# Work request
Wherever "radius" appears in a line of the records below, count that line, and report only the number.

***** Dataset records *****

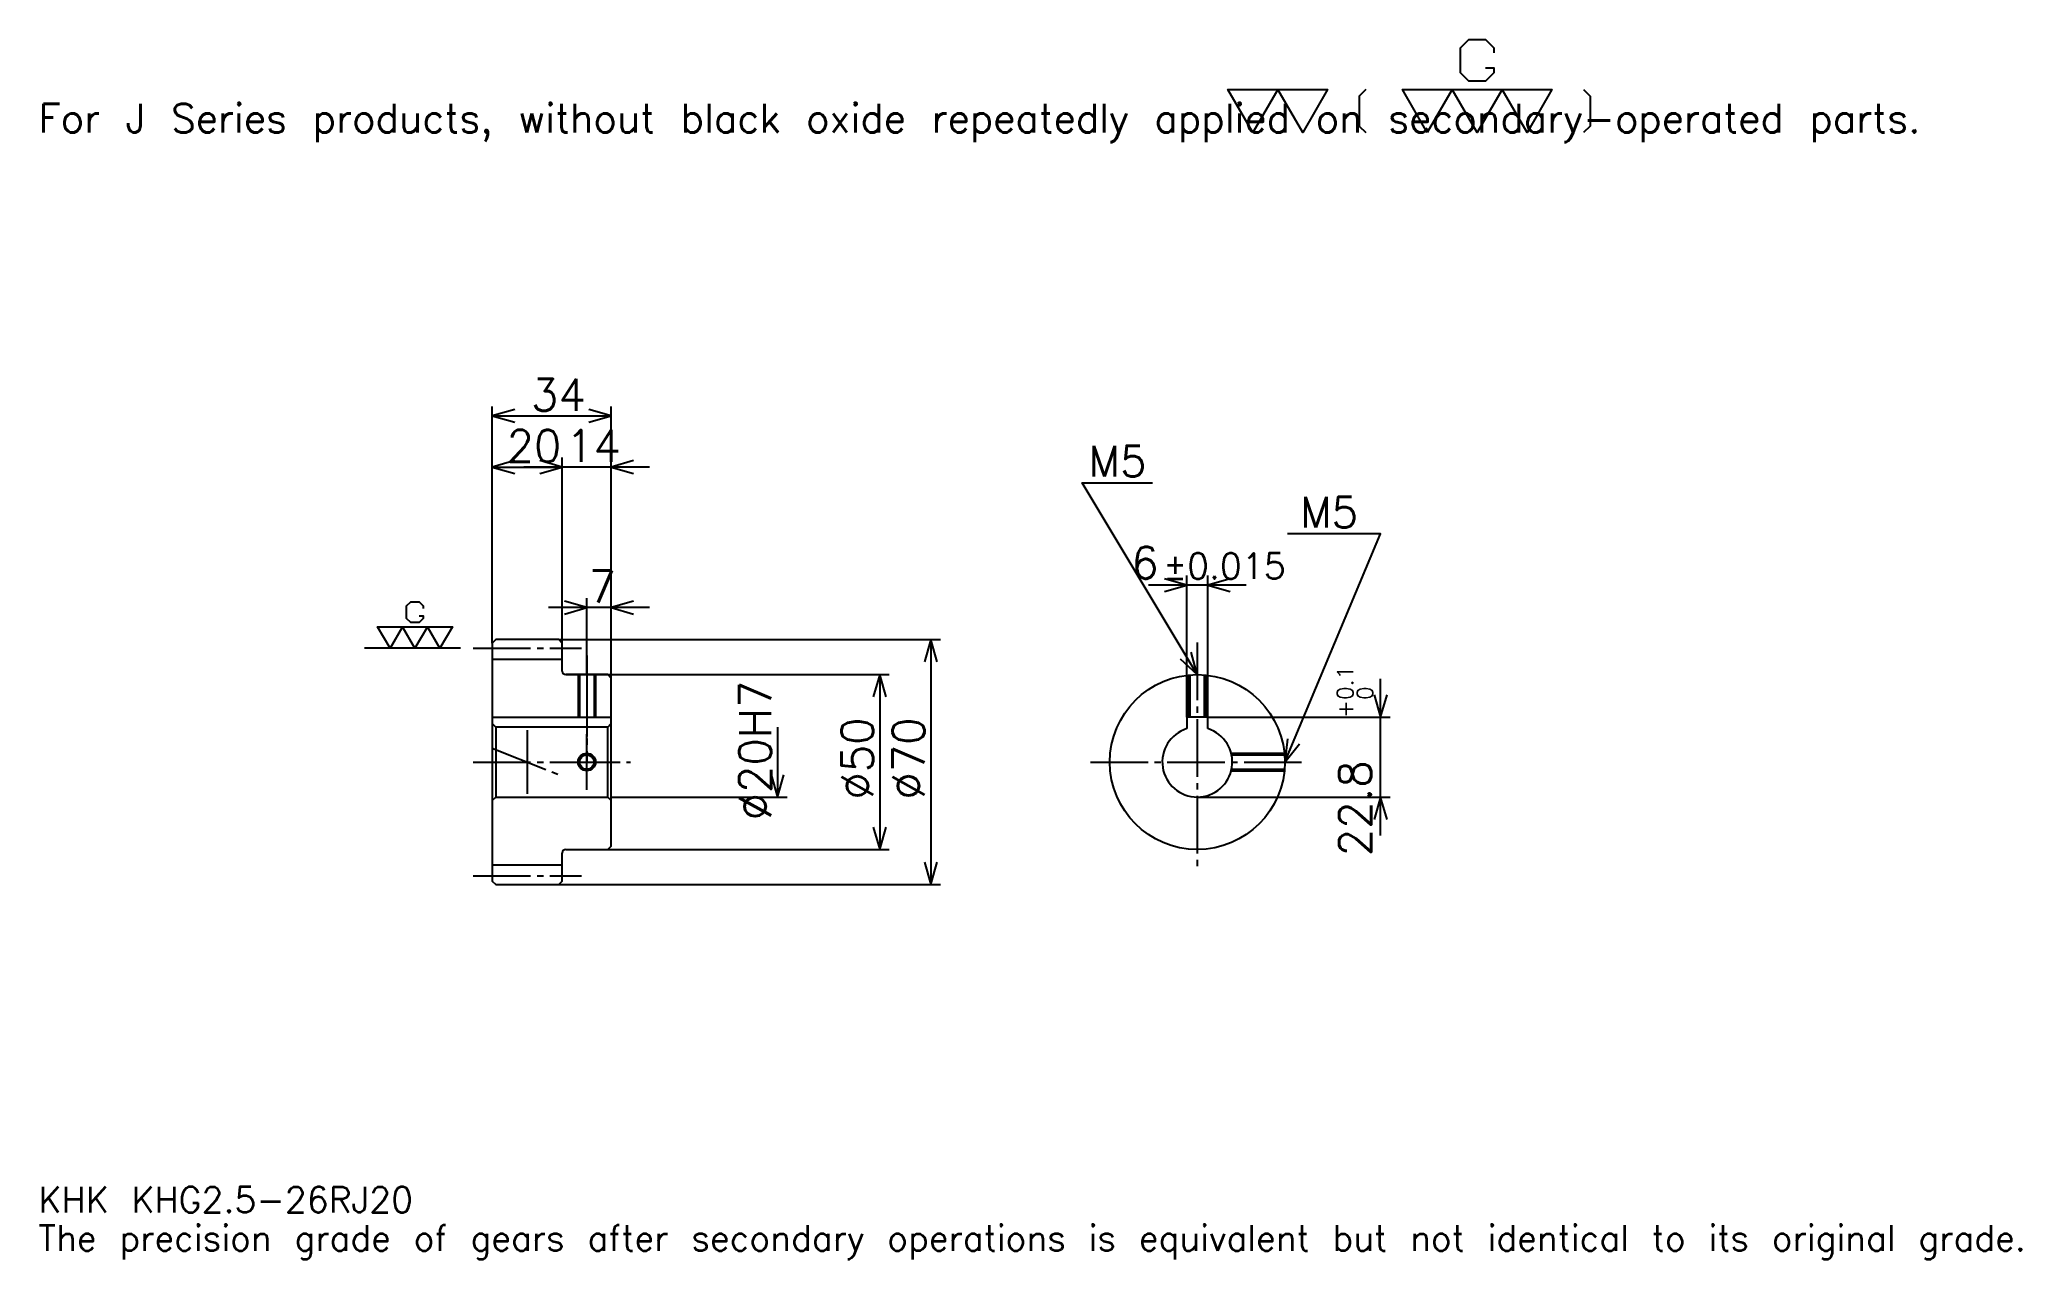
# Model space of a CAD drawing. Extents: x 19 to 585, y 7 to 355.
import ezdxf

# ---------------------------------------------------------------- set-up
doc = ezdxf.new("R2010")
doc.units = 0
doc.linetypes.add('DASHDOT', pattern=[21.913044, 16.434783, -1.826087, 1.826087, -1.826087])
doc.layers.get('0').update_dxf_attribs({"linetype": 'CONTINUOUS'})
doc.layers.add('DASHDOT', color=6, linetype='DASHDOT')
doc.styles.add('KANJI', font='TXT', dxfattribs={"bigfont": 'BIGFONT'})

msp = doc.modelspace()

# ---------------------------------------------------------------- linework, layer by layer
at = {"color": 5}
for p, q in [((147.913055, 183.82608), (147.913055, 250.478241)), ((181.913055, 183.82608), (181.913055, 250.478241)), ((147.913055, 247.73912), (181.913055, 247.73912)), ((147.913055, 233.130432), (167.913055, 233.130432)), ((192.869568, 233.130432), (156.956528, 233.130432)), ((167.913055, 183.82608), (167.913055, 235.869568)), ((363.304382, 199.391296), (335.391296, 199.391296)), ((346.347839, 161.626083), (346.347839, 202.130432)), ((352.347839, 161.626083), (352.347839, 202.130432)), ((192.869568, 192.956512), (163.956528, 192.956512)), ((174.913055, 183.82608), (174.913055, 195.695648)), ((147.913055, 182.82608), (147.913055, 183.82608)), ((166.913055, 183.82608), (181.913055, 183.82608)), ((167.913055, 182.82608), (167.913055, 183.82608)), ((174.913055, 173.82608), (174.913055, 183.82608)), ((174.913055, 173.82608), (174.913055, 183.82608)), ((181.913055, 183.82608), (275.956543, 183.82608)), ((181.913055, 172.82608), (181.913055, 183.82608)), ((273.217407, 183.82608), (273.217407, 113.82608)), ((168.913055, 173.82608), (181.913055, 173.82608)), ((181.913055, 173.82608), (261.347839, 173.82608)), ((258.608704, 173.82608), (258.608704, 123.82608)), ((401.739136, 127.86956), (401.739136, 172.582596)), ((229.391312, 158.82608), (229.391312, 138.82608)), ((352.347839, 161.626083), (404.478271, 161.626083)), ((181.913055, 138.82608), (232.130432, 138.82608)), ((349.347839, 138.82608), (404.478271, 138.82608)), ((168.913055, 123.82608), (181.913055, 123.82608)), ((181.913055, 123.82608), (261.347839, 123.82608)), ((166.913055, 113.82608), (181.913055, 113.82608)), ((181.913055, 113.82608), (275.956543, 113.82608))]:
    msp.add_line(p, q, dxfattribs=at)
at = {"color": 7}
for p, q in [((138.782623, 181.32608), (111.391312, 181.32608)), ((157.913055, 157.956512), (157.913055, 139.695648))]:
    msp.add_line(p, q, dxfattribs=at)
at = {"color": 4}
for p, q in [((147.913055, 178.20108), (167.913055, 178.20108)), ((147.913055, 161.626083), (181.913055, 161.626083)), ((148.913055, 158.82608), (148.913055, 138.82608)), ((180.913055, 158.82608), (181.913055, 159.82608)), ((180.913055, 138.82608), (181.913055, 137.82608)), ((147.913055, 119.45108), (167.913055, 119.45108))]:
    msp.add_line(p, q, dxfattribs=at)
at = {"color": 7}
for points in [[(431.686951, 347.212158), (434.060852, 347.212158), (434.060852, 345.787811), (431.686951, 343.41391), (426.939117, 343.41391), (424.565186, 345.787811), (424.565186, 352.909546), (426.939117, 355.283478), (431.686951, 355.283478), (434.060852, 352.909546), (434.060852, 351.485229)], [(365.217377, 328.695648), (358.095642, 341.040009), (386.582581, 341.040009), (379.460846, 328.695648), (372.339111, 341.040009), (365.217377, 328.695648)], [(397.502594, 341.040009), (395.603455, 339.140869), (395.603455, 330.594788), (397.502594, 328.695648)], [(415.06955, 328.695648), (407.947815, 341.040009), (450.678253, 341.040009), (443.556519, 328.695648), (436.434753, 341.040009), (429.313049, 328.695648), (422.191284, 341.040009), (415.06955, 328.695648)], [(459.699097, 341.040009), (461.598236, 339.140869), (461.598236, 330.594788), (459.699097, 328.695648)], [(127.004364, 190.584351), (128.191315, 190.584351), (128.191315, 189.872162), (127.004364, 188.685211), (124.630447, 188.685211), (123.443489, 189.872162), (123.443489, 193.433044), (124.630447, 194.619995), (127.004364, 194.619995), (128.191315, 193.433044), (128.191315, 192.720856)], [(118.695663, 181.32608), (115.134796, 187.49826), (136.500015, 187.49826), (132.939148, 181.32608), (129.378265, 187.49826), (125.817398, 181.32608), (122.256531, 187.49826), (118.695663, 181.32608)]]:
    msp.add_lwpolyline(points, dxfattribs=at)
at = {"color": 5}
for points in [[(154.304367, 249.565216), (147.913055, 247.73912), (154.304367, 245.913025)], [(175.521759, 245.913025), (181.913055, 247.73912), (175.521759, 249.565216)], [(154.304367, 234.956512), (147.913055, 233.130432), (154.304367, 231.304352)], [(161.521759, 231.304352), (167.913055, 233.130432), (161.521759, 234.956512)], [(161.521759, 231.304352), (167.913055, 233.130432), (161.521759, 234.956512)], [(188.304352, 234.956512), (181.913055, 233.130432), (188.304352, 231.304352)], [(349.347839, 173.82608), (316.478271, 228.608688), (336.565247, 228.608688)], [(374.347839, 148.82608), (401.739136, 214), (375.078247, 214)], [(339.956543, 197.565216), (346.347839, 199.391296), (339.956543, 201.217377)], [(358.739136, 201.217377), (352.347839, 199.391296), (358.739136, 197.565216)], [(168.521759, 191.130432), (174.913055, 192.956512), (168.521759, 194.782608)], [(188.304352, 194.782608), (181.913055, 192.956512), (188.304352, 191.130432)], [(275.043488, 177.434784), (273.217407, 183.82608), (271.391296, 177.434784)], [(344.493683, 178.367065), (349.347839, 173.82608), (347.625397, 180.246094)], [(260.434814, 167.434784), (258.608704, 173.82608), (256.782623, 167.434784)], [(399.913055, 168.01738), (401.739136, 161.626083), (403.565216, 168.01738)], [(375.140717, 155.425674), (374.347839, 148.82608), (378.507629, 154.010635)], [(227.565216, 145.217392), (229.391312, 138.82608), (231.217407, 145.217392)], [(403.565216, 132.434784), (401.739136, 138.82608), (399.913055, 132.434784)], [(256.782623, 130.217377), (258.608704, 123.82608), (260.434814, 130.217377)], [(271.391296, 120.217384), (273.217407, 113.82608), (275.043488, 120.217384)]]:
    msp.add_lwpolyline(points, dxfattribs=at)
at = {"color": 4}
for points in [[(167.913055, 174.82608), (167.913055, 182.82608), (166.913055, 183.82608), (148.913055, 183.82608), (147.913055, 182.82608), (147.913055, 137.82608)], [(168.913055, 123.82608), (180.913055, 123.82608), (181.913055, 124.82608), (181.913055, 172.82608), (180.913055, 173.82608), (168.913055, 173.82608)], [(172.413055, 173.82608), (172.413055, 161.626083)], [(172.848053, 173.82608), (172.848053, 161.626083)], [(176.978058, 173.82608), (176.978058, 161.626083)], [(177.413055, 173.82608), (177.413055, 161.626083)], [(346.847839, 161.626083), (346.847839, 173.70076)], [(347.282837, 161.626083), (347.282837, 173.740646)], [(351.412842, 161.626083), (351.412842, 173.740646)], [(351.847839, 161.626083), (351.847839, 173.70076)], [(147.913055, 137.82608), (148.913055, 138.82608), (180.913055, 138.82608), (180.913055, 158.82608), (148.913055, 158.82608), (147.913055, 159.82608)], [(352.347839, 158.365479), (352.347839, 161.626083), (346.347839, 161.626083), (346.347839, 158.365479)], [(359.030304, 151.32608), (374.222534, 151.32608)], [(359.132324, 150.891083), (374.26239, 150.891083)], [(359.030304, 146.32608), (374.222534, 146.32608)], [(359.132324, 146.761078), (374.26239, 146.761078)], [(147.913055, 137.82608), (147.913055, 114.82608), (148.913055, 113.82608), (166.913055, 113.82608), (167.913055, 114.82608), (167.913055, 122.82608)]]:
    msp.add_lwpolyline(points, dxfattribs=at)
for centre, radius in [((349.347839, 148.82608), 25), ((174.913055, 148.82608), 2.065)]:
    msp.add_circle(centre, radius, dxfattribs=at)
at = {"color": 7}
msp.add_circle((174.913055, 148.82608), 2.5, dxfattribs=at)
at = {"color": 4}
for centre, radius, start, end in [((168.913055, 174.82608), 1, 180, 270), ((349.347839, 148.82608), 10, 107.45760275, 72.54239725), ((168.913055, 122.82608), 1, 90, 180)]:
    msp.add_arc(centre, radius, start, end, dxfattribs=at)
at = {"layer": 'DASHDOT', "color": 7}
for p, q in [((142.434799, 181.32608), (173.391312, 181.32608)), ((349.347839, 182.956512), (349.347839, 118.347824)), ((174.913055, 173.82608), (174.913055, 148.82608)), ((142.434799, 148.82608), (187.391312, 148.82608)), ((147.913055, 152.765182), (167.913055, 144.886978)), ((318.869568, 148.82608), (379.826111, 148.82608)), ((142.434799, 116.32608), (173.391312, 116.32608))]:
    msp.add_line(p, q, dxfattribs=at)
for points in [[(174.913055, 179.304337), (174.913055, 156.147827)], [(174.913055, 140.847824), (174.913055, 156.804337)], [(166.934799, 148.82608), (182.891312, 148.82608)]]:
    msp.add_lwpolyline(points, dxfattribs=at)

# ---------------------------------------------------------------- texts
at = {"color": 7, "style": 'KANJI'}
for s, height, p in [('For J Series products, without black oxide repeatedly applied on secondary-operated parts.', 8.217391, (18.26087, 328.695648)), ('34', 9.130435, (158.978271, 249.199982)), ('20', 9.130435, (151.978271, 234.591309)), ('14', 9.130435, (168.978271, 234.591309)), ('M5', 8.765218, (318.304382, 230.434784)), ('M5', 8.765218, (378.730438, 215.82608)), ('6', 9.130435, (330.500793, 201.217377)), ('%%p0.015', 7.304348, (339.538818, 201.217377)), ('7', 9.130435, (175.445663, 194.417389)), ('KHK KHG2.5-26RJ20', 7.304348, (18.26087, 20.086956)), ('The precision grade of gears after secondary operations is equivalent but not identical to its original grade.', 7.304348, (18.26087, 9.130435))]:
    msp.add_text(s, height=height, dxfattribs=at).set_placement(p)
for s, height, p in [('%%c20H7', 9.130435, (227.565216, 132.16304)), ('0.1', 4.565217, (393.886963, 166.54512)), ('0', 4.565217, (399.547852, 166.54512)), ('+', 4.565217, (393.886963, 161.432068)), ('%%c50', 9.130435, (256.782623, 138.097824)), ('%%c70', 9.130435, (271.391296, 138.097824)), ('22.8', 9.130435, (399, 121.911942))]:
    msp.add_text(s, height=height, rotation=90, dxfattribs=at).set_placement(p)

doc.saveas('drawing.dxf')

*****

# Response box
4